**TASK**
Collect all lines below with the string "diagram".

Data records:

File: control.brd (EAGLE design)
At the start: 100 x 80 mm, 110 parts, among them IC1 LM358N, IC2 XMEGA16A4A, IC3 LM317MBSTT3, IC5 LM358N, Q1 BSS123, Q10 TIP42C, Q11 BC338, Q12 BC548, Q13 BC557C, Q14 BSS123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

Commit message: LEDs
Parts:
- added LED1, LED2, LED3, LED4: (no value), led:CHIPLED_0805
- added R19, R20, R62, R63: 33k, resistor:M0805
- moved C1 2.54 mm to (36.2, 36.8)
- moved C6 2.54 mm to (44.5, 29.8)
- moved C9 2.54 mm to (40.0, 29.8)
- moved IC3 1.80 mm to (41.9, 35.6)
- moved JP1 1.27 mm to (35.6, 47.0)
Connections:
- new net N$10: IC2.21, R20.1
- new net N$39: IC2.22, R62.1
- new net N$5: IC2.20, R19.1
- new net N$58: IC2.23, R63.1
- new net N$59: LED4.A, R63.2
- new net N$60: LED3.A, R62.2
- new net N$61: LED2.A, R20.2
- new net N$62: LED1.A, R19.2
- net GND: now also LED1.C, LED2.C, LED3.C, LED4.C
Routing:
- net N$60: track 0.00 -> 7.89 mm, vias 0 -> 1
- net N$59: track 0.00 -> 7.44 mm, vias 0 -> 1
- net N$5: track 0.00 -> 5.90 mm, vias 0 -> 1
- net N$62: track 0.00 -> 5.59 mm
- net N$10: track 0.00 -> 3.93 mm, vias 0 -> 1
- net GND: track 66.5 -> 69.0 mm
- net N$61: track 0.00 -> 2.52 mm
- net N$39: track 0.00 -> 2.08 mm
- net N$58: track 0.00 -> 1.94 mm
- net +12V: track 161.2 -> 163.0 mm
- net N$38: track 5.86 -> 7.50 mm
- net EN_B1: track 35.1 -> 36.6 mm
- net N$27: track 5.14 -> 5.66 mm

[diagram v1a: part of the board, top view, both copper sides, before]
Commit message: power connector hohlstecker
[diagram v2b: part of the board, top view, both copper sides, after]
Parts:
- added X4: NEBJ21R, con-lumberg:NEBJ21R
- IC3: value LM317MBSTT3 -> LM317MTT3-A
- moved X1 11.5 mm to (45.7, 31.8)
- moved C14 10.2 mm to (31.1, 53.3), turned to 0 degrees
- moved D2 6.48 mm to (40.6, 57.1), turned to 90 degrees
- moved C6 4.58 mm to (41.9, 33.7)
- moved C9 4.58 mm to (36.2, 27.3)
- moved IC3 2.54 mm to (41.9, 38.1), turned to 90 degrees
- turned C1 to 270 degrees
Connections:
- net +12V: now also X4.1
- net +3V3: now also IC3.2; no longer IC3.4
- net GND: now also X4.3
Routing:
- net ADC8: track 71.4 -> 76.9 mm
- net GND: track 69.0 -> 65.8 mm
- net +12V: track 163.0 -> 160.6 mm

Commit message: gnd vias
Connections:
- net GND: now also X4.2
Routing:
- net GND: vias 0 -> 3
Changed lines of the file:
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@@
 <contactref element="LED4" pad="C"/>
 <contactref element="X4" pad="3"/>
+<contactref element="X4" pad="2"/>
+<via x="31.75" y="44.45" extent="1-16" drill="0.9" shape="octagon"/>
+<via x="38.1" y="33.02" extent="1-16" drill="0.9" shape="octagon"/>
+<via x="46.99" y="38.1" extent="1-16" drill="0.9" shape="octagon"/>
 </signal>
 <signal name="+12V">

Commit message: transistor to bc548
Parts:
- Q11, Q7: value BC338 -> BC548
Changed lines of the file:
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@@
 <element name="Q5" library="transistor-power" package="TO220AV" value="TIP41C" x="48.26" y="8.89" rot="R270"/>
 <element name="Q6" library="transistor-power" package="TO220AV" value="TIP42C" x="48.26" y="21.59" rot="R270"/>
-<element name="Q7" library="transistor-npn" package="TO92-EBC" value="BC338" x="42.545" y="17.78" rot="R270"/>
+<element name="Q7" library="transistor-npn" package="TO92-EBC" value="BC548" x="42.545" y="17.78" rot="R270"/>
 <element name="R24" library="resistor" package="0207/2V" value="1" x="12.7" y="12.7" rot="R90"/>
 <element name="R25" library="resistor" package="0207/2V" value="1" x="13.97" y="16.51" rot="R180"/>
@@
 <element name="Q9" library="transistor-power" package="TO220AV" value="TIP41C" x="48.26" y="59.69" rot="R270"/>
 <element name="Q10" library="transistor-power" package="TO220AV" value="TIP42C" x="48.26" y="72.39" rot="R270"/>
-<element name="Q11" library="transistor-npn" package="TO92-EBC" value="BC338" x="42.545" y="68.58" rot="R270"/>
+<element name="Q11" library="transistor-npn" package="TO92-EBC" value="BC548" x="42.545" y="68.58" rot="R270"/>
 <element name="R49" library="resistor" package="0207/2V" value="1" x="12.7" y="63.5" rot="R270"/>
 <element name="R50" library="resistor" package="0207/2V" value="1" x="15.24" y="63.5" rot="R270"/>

**PROBLEM SOLUTION**
[diagram v1a: part of the board, top view, both copper sides, before]
[diagram v2b: part of the board, top view, both copper sides, after]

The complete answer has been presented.